I've used these for a few years now. http://www.reidsupply.com/GrpResults.aspx?st=GLOVES&pid=0&aitm=185297&apid=0

Been very pleased with them.

Ed


----------



## gwiley (Dec 1, 2009)

Consider using inserts - silk (yes, from wintersilks, just don't let anyone see you with the catalog). 

Another, more macho option is wool inserts - they make things bulky but can't be beat for warmth., When I was in the army we used leather shells with wool inserts, I was really surprised at how well that setup worked.


----------



## Garden Of Eden (Dec 1, 2009)

Hey. Thought I could help here.

I use seal skinz. You'll notice they're a bit pricey, but you should be able to get 2 pair to last you a winter. They're crazy. I'm in Michigan, and we get windy, watery, cold, cold, cold days. I've been in sub-zero with these for hours and not gotten even cold. Sometimes I have to take them off for a minute because my hands actually get too hot. They're pretty durable too.

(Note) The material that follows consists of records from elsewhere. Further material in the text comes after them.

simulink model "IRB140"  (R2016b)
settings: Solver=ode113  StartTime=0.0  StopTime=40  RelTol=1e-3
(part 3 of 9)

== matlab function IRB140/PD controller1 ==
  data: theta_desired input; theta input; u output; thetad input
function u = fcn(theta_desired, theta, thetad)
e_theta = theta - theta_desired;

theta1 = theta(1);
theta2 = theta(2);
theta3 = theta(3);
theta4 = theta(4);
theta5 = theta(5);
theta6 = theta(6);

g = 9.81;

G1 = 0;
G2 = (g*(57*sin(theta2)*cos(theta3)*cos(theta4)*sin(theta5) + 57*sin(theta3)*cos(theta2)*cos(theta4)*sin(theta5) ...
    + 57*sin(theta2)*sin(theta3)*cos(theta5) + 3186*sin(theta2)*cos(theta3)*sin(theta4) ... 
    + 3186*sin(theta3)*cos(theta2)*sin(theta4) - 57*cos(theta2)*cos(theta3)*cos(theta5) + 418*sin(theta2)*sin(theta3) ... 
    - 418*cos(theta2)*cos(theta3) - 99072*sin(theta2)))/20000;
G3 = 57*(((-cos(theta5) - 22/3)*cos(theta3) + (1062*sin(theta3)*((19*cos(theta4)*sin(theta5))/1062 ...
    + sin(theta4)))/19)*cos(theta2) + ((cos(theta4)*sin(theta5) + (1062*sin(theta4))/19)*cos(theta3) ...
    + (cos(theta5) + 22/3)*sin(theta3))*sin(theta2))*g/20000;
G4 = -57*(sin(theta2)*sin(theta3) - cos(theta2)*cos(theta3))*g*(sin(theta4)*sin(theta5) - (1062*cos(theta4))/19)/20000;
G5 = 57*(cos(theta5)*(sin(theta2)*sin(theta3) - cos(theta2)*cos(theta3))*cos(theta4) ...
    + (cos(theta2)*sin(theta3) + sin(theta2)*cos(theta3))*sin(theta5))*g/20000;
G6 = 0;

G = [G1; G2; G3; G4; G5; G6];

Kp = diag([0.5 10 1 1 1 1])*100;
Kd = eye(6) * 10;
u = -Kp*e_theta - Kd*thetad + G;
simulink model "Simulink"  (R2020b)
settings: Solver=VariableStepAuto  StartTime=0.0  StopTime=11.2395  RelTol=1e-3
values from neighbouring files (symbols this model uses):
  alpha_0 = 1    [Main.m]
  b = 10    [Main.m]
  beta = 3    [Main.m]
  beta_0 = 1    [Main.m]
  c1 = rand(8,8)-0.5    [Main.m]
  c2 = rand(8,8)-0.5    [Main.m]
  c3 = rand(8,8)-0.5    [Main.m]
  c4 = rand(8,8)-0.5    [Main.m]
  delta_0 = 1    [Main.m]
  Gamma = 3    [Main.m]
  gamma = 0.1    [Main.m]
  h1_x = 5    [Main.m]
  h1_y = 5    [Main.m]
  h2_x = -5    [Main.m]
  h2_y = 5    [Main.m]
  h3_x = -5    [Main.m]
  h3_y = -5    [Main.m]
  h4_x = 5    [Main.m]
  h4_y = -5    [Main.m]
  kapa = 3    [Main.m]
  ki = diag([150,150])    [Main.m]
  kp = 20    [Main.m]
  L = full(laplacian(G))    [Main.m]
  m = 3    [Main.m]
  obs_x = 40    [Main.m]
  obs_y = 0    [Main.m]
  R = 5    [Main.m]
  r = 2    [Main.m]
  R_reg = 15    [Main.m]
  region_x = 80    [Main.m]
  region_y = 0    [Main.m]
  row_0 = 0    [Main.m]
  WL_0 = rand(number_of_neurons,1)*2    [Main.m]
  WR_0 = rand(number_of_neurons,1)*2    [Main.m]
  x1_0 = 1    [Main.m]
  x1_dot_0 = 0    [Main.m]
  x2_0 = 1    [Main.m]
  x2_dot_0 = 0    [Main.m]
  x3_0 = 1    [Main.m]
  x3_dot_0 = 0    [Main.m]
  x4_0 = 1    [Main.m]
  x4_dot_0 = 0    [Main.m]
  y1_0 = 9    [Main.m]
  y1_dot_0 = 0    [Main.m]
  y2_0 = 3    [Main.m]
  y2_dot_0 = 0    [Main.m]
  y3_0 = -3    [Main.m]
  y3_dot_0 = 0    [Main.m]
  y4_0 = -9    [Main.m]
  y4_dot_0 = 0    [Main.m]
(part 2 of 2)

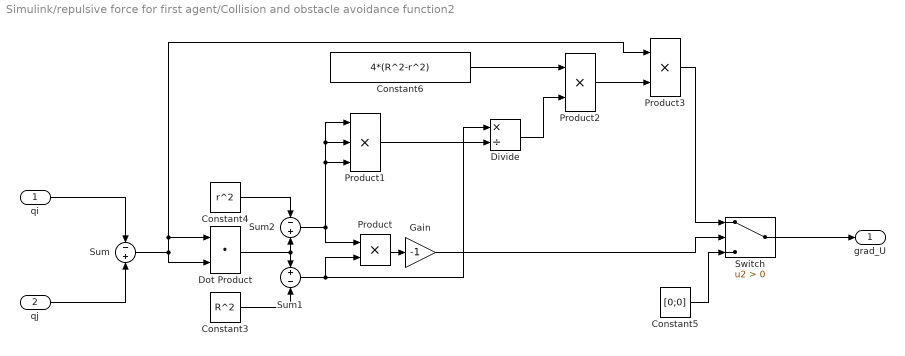
== system Simulink/repulsive force for first agent/Collision and obstacle avoidance function2 ==
  qi : Inport
  qj : Inport  Port=2
  Constant3 : Constant  Value=R^2
  Constant4 : Constant  Value=r^2
  Constant5 : Constant  Value=[0;0]
  Constant6 : Constant  Value=4*(R^2-r^2)
  Divide : Product  Inputs=*/
  Dot Product : DotProduct  InputSameDT=on  OutDataTypeStr=Inherit: Inherit via internal rule
  Gain : Gain  Gain=-1
  Product : Product
  Product1 : Product  Inputs=3
  Product2 : Product
  Product3 : Product
  Sum : Sum  Inputs=-+
  Sum1 : Sum  Inputs=+-
  Sum2 : Sum  Inputs=-+
  Switch : Switch  Criteria=u2 > Threshold
  grad_U : Outport
  wires:
  Sum1/1 -> Divide/1, Product/2
  Sum2/1 -> Product1/1, Product1/2, Product1/3, Product/1
  qi/1 -> Sum/1
  Dot Product/1 -> Sum2/2, Sum1/1
  Product1/1 -> Divide/2
  Constant5/1 -> Switch/3
  Constant4/1 -> Sum2/1
  Divide/1 -> Product2/2
  Constant3/1 -> Sum1/2
  Sum/1 -> Product3/1, Dot Product/1, Dot Product/2
  Product/1 -> Gain/1
  Gain/1 -> Switch/2
  Constant6/1 -> Product2/1
  Product3/1 -> Switch/1
  Product2/1 -> Product3/2
  Switch/1 -> grad_U/1
  qj/1 -> Sum/2

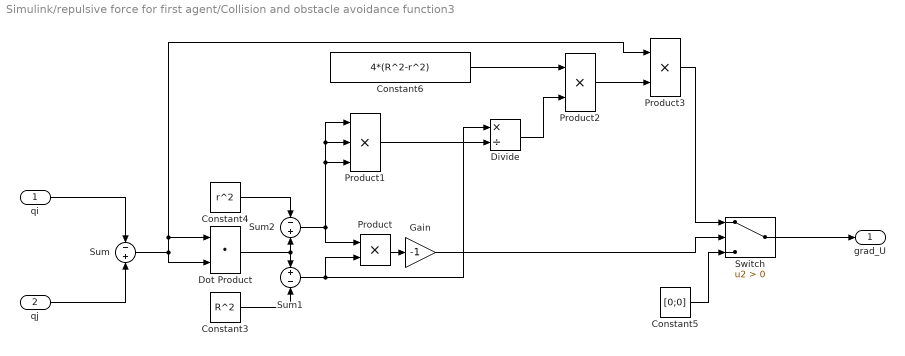
== system Simulink/repulsive force for first agent/Collision and obstacle avoidance function3 ==
  qi : Inport
  qj : Inport  Port=2
  Constant3 : Constant  Value=R^2
  Constant4 : Constant  Value=r^2
  Constant5 : Constant  Value=[0;0]
  Constant6 : Constant  Value=4*(R^2-r^2)
  Divide : Product  Inputs=*/
  Dot Product : DotProduct  InputSameDT=on  OutDataTypeStr=Inherit: Inherit via internal rule
  Gain : Gain  Gain=-1
  Product : Product
  Product1 : Product  Inputs=3
  Product2 : Product
  Product3 : Product
  Sum : Sum  Inputs=-+
  Sum1 : Sum  Inputs=+-
  Sum2 : Sum  Inputs=-+
  Switch : Switch  Criteria=u2 > Threshold
  grad_U : Outport
  wires:
  qj/1 -> Sum/2
  Switch/1 -> grad_U/1
  Product2/1 -> Product3/2
  Product3/1 -> Switch/1
  Constant6/1 -> Product2/1
  Gain/1 -> Switch/2
  Product/1 -> Gain/1
  Sum/1 -> Dot Product/2, Dot Product/1, Product3/1
  Constant3/1 -> Sum1/2
  Divide/1 -> Product2/2
  Constant4/1 -> Sum2/1
  Constant5/1 -> Switch/3
  Product1/1 -> Divide/2
  Dot Product/1 -> Sum1/1, Sum2/2
  qi/1 -> Sum/1
  Sum2/1 -> Product/1, Product1/3, Product1/2, Product1/1
  Sum1/1 -> Product/2, Divide/1

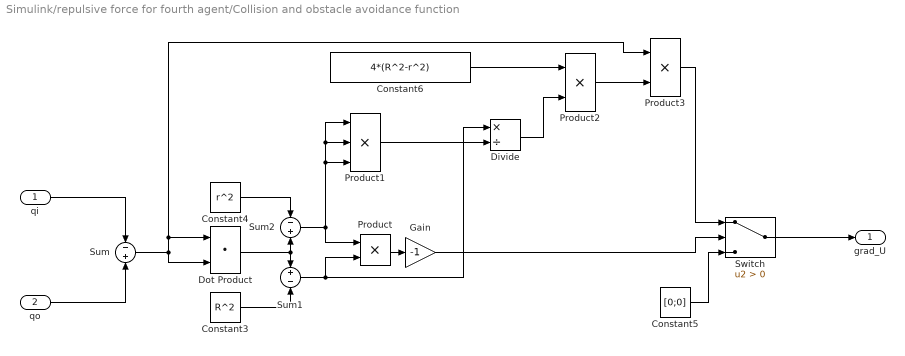
== system Simulink/repulsive force for fourth agent/Collision and obstacle avoidance function ==
  qi : Inport
  qo : Inport  Port=2
  Constant3 : Constant  Value=R^2
  Constant4 : Constant  Value=r^2
  Constant5 : Constant  Value=[0;0]
  Constant6 : Constant  Value=4*(R^2-r^2)
  Divide : Product  Inputs=*/
  Dot Product : DotProduct  InputSameDT=on  OutDataTypeStr=Inherit: Inherit via internal rule
  Gain : Gain  Gain=-1
  Product : Product
  Product1 : Product  Inputs=3
  Product2 : Product
  Product3 : Product
  Sum : Sum  Inputs=-+
  Sum1 : Sum  Inputs=+-
  Sum2 : Sum  Inputs=-+
  Switch : Switch  Criteria=u2 > Threshold
  grad_U : Outport
  wires:
  Sum1/1 -> Divide/1, Product/2
  Sum2/1 -> Product1/1, Product1/2, Product1/3, Product/1
  qi/1 -> Sum/1
  Dot Product/1 -> Sum2/2, Sum1/1
  Product1/1 -> Divide/2
  Constant5/1 -> Switch/3
  Constant4/1 -> Sum2/1
  Divide/1 -> Product2/2
  Constant3/1 -> Sum1/2
  Sum/1 -> Product3/1, Dot Product/1, Dot Product/2
  Product/1 -> Gain/1
  Gain/1 -> Switch/2
  Constant6/1 -> Product2/1
  Product3/1 -> Switch/1
  Product2/1 -> Product3/2
  Switch/1 -> grad_U/1
  qo/1 -> Sum/2

== system Simulink/repulsive force for fourth agent/Collision and obstacle avoidance function1 ==
  qi : Inport
  qj : Inport  Port=2
  Constant3 : Constant  Value=R^2
  Constant4 : Constant  Value=r^2
  Constant5 : Constant  Value=[0;0]
  Constant6 : Constant  Value=4*(R^2-r^2)
  Divide : Product  Inputs=*/
  Dot Product : DotProduct  InputSameDT=on  OutDataTypeStr=Inherit: Inherit via internal rule
  Gain : Gain  Gain=-1
  Product : Product
  Product1 : Product  Inputs=3
  Product2 : Product
  Product3 : Product
  Sum : Sum  Inputs=-+
  Sum1 : Sum  Inputs=+-
  Sum2 : Sum  Inputs=-+
  Switch : Switch  Criteria=u2 > Threshold
  grad_U : Outport
  wires:
  qj/1 -> Sum/2
  Switch/1 -> grad_U/1
  Product2/1 -> Product3/2
  Product3/1 -> Switch/1
  Constant6/1 -> Product2/1
  Gain/1 -> Switch/2
  Product/1 -> Gain/1
  Sum/1 -> Dot Product/2, Dot Product/1, Product3/1
  Constant3/1 -> Sum1/2
  Divide/1 -> Product2/2
  Constant4/1 -> Sum2/1
  Constant5/1 -> Switch/3
  Product1/1 -> Divide/2
  Dot Product/1 -> Sum1/1, Sum2/2
  qi/1 -> Sum/1
  Sum2/1 -> Product/1, Product1/3, Product1/2, Product1/1
  Sum1/1 -> Product/2, Divide/1

== system Simulink/repulsive force for fourth agent/Collision and obstacle avoidance function2 ==
  qi : Inport
  qj : Inport  Port=2
  Constant3 : Constant  Value=R^2
  Constant4 : Constant  Value=r^2
  Constant5 : Constant  Value=[0;0]
  Constant6 : Constant  Value=4*(R^2-r^2)
  Divide : Product  Inputs=*/
  Dot Product : DotProduct  InputSameDT=on  OutDataTypeStr=Inherit: Inherit via internal rule
  Gain : Gain  Gain=-1
  Product : Product
  Product1 : Product  Inputs=3
  Product2 : Product
  Product3 : Product
  Sum : Sum  Inputs=-+
  Sum1 : Sum  Inputs=+-
  Sum2 : Sum  Inputs=-+
  Switch : Switch  Criteria=u2 > Threshold
  grad_U : Outport
  wires:
  Sum1/1 -> Divide/1, Product/2
  Sum2/1 -> Product1/1, Product1/2, Product1/3, Product/1
  qi/1 -> Sum/1
  Dot Product/1 -> Sum2/2, Sum1/1
  Product1/1 -> Divide/2
  Constant5/1 -> Switch/3
  Constant4/1 -> Sum2/1
  Divide/1 -> Product2/2
  Constant3/1 -> Sum1/2
  Sum/1 -> Product3/1, Dot Product/1, Dot Product/2
  Product/1 -> Gain/1
  Gain/1 -> Switch/2
  Constant6/1 -> Product2/1
  Product3/1 -> Switch/1
  Product2/1 -> Product3/2
  Switch/1 -> grad_U/1
  qj/1 -> Sum/2

== system Simulink/repulsive force for fourth agent/Collision and obstacle avoidance function3 ==
  qi : Inport
  qj : Inport  Port=2
  Constant3 : Constant  Value=R^2
  Constant4 : Constant  Value=r^2
  Constant5 : Constant  Value=[0;0]
  Constant6 : Constant  Value=4*(R^2-r^2)
  Divide : Product  Inputs=*/
  Dot Product : DotProduct  InputSameDT=on  OutDataTypeStr=Inherit: Inherit via internal rule
  Gain : Gain  Gain=-1
  Product : Product
  Product1 : Product  Inputs=3
  Product2 : Product
  Product3 : Product
  Sum : Sum  Inputs=-+
  Sum1 : Sum  Inputs=+-
  Sum2 : Sum  Inputs=-+
  Switch : Switch  Criteria=u2 > Threshold
  grad_U : Outport
  wires:
  qj/1 -> Sum/2
  Switch/1 -> grad_U/1
  Product2/1 -> Product3/2
  Product3/1 -> Switch/1
  Constant6/1 -> Product2/1
  Gain/1 -> Switch/2
  Product/1 -> Gain/1
  Sum/1 -> Dot Product/2, Dot Product/1, Product3/1
  Constant3/1 -> Sum1/2
  Divide/1 -> Product2/2
  Constant4/1 -> Sum2/1
  Constant5/1 -> Switch/3
  Product1/1 -> Divide/2
  Dot Product/1 -> Sum1/1, Sum2/2
  qi/1 -> Sum/1
  Sum2/1 -> Product/1, Product1/3, Product1/2, Product1/1
  Sum1/1 -> Product/2, Divide/1

== system Simulink/repulsive force for second agent/Collision and obstacle avoidance function ==
  qi : Inport
  qo : Inport  Port=2
  Constant3 : Constant  Value=R^2
  Constant4 : Constant  Value=r^2
  Constant5 : Constant  Value=[0;0]
  Constant6 : Constant  Value=4*(R^2-r^2)
  Divide : Product  Inputs=*/
  Dot Product : DotProduct  InputSameDT=on  OutDataTypeStr=Inherit: Inherit via internal rule
  Gain : Gain  Gain=-1
  Product : Product
  Product1 : Product  Inputs=3
  Product2 : Product
  Product3 : Product
  Sum : Sum  Inputs=-+
  Sum1 : Sum  Inputs=+-
  Sum2 : Sum  Inputs=-+
  Switch : Switch  Criteria=u2 > Threshold
  grad_U : Outport
  wires:
  qo/1 -> Sum/2
  Switch/1 -> grad_U/1
  Product2/1 -> Product3/2
  Product3/1 -> Switch/1
  Constant6/1 -> Product2/1
  Gain/1 -> Switch/2
  Product/1 -> Gain/1
  Sum/1 -> Dot Product/2, Dot Product/1, Product3/1
  Constant3/1 -> Sum1/2
  Divide/1 -> Product2/2
  Constant4/1 -> Sum2/1
  Constant5/1 -> Switch/3
  Product1/1 -> Divide/2
  Dot Product/1 -> Sum1/1, Sum2/2
  qi/1 -> Sum/1
  Sum2/1 -> Product/1, Product1/3, Product1/2, Product1/1
  Sum1/1 -> Product/2, Divide/1

== system Simulink/repulsive force for second agent/Collision and obstacle avoidance function1 ==
  qi : Inport
  qj : Inport  Port=2
  Constant3 : Constant  Value=R^2
  Constant4 : Constant  Value=r^2
  Constant5 : Constant  Value=[0;0]
  Constant6 : Constant  Value=4*(R^2-r^2)
  Divide : Product  Inputs=*/
  Dot Product : DotProduct  InputSameDT=on  OutDataTypeStr=Inherit: Inherit via internal rule
  Gain : Gain  Gain=-1
  Product : Product
  Product1 : Product  Inputs=3
  Product2 : Product
  Product3 : Product
  Sum : Sum  Inputs=-+
  Sum1 : Sum  Inputs=+-
  Sum2 : Sum  Inputs=-+
  Switch : Switch  Criteria=u2 > Threshold
  grad_U : Outport
  wires:
  Sum1/1 -> Divide/1, Product/2
  Sum2/1 -> Product1/1, Product1/2, Product1/3, Product/1
  qi/1 -> Sum/1
  Dot Product/1 -> Sum2/2, Sum1/1
  Product1/1 -> Divide/2
  Constant5/1 -> Switch/3
  Constant4/1 -> Sum2/1
  Divide/1 -> Product2/2
  Constant3/1 -> Sum1/2
  Sum/1 -> Product3/1, Dot Product/1, Dot Product/2
  Product/1 -> Gain/1
  Gain/1 -> Switch/2
  Constant6/1 -> Product2/1
  Product3/1 -> Switch/1
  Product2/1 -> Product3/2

This thread reminded me to order another pair for my wife. lol 

Thanks and God Bless.

http://www.sealskinz.com/cgi-bin/psProdSrch.cgi

Tons of windproof/waterproof stuff. Hope the link is ok? Sorry if I'm not supposed to do that.

Jeff


----------



## cam185 (Dec 1, 2009)

Carhart makes a bad ass pair of insulated gloves. i wore them in 4 feet of snow, neg 10 degrees while diggin stumps out by hand and my hands were nice and toasty. i think they were 60 bucks and worth every penny:hmm3grin2orange:


----------



## arbor pro (Dec 2, 2009)

I use the grippy black gloves with an isulation layer. Not sure if the same brand as others have mentioned but basically the same thing. I buy them at a Fleet and Farm store. The trick for me is to buy hand heaters (hot hands or other brands) in bulk and to slide one into each glove to help keep my hands warm. I place them on top of my hand rather on the bottom so they don't interfere with running saws. My fingers will get cold from time to time so also having a second pair heating on the dash works well too. Especially when it's wet out - having a warm dry pair to replace the wet ones is crucial.


----------



## Groundman One (Dec 2, 2009)

I always find the first hour of work makes my fingers hurt like hell no matter what glove I'm wearing. After that it mellows. 

I use standard insulated construction gloves, with an extra pair stuffed in my jacket somewhere. Liners sometimes. The stretchy Atlas gloves provide a great grip in the snow, but even the insulated kind are almost worthless in the cold.

One year we worked in serious slush and snow and we used these huge orange rubber gloves with wool liners. Kind of weird, but never had cold or wet hands. Ski gloves are great, very warm, but they break down far too fast. 

I'm going to check out the Carhartt gloves mentioned above.


----------



## Cowboy Billy (Dec 2, 2009)

When I worked on a drilling crew I would wear rubber gloves with the black jersey gloves in side of them during the winter. They kept my hands warm enough. But you had to keep changing the jersey gloves as the got wet from sweat. I have heated handles on my 2156 after a while you do not want to let go of the saw.

Billy


Oh the rubber gloves I was using were pretty thick and would be hard to control a saw with.


----------



## Art Vandelay (Dec 6, 2009)

cam185 said:


> Carhart makes a bad ass pair of insulated gloves. i wore them in 4 feet of snow, neg 10 degrees while diggin stumps out by hand and my hands were nice and toasty. i think they were 60 bucks and worth every penny:hmm3grin2orange:



At negative 10 I must assume the ground was frozen. I gotta ask how did you dig up the dirt while frozen?


----------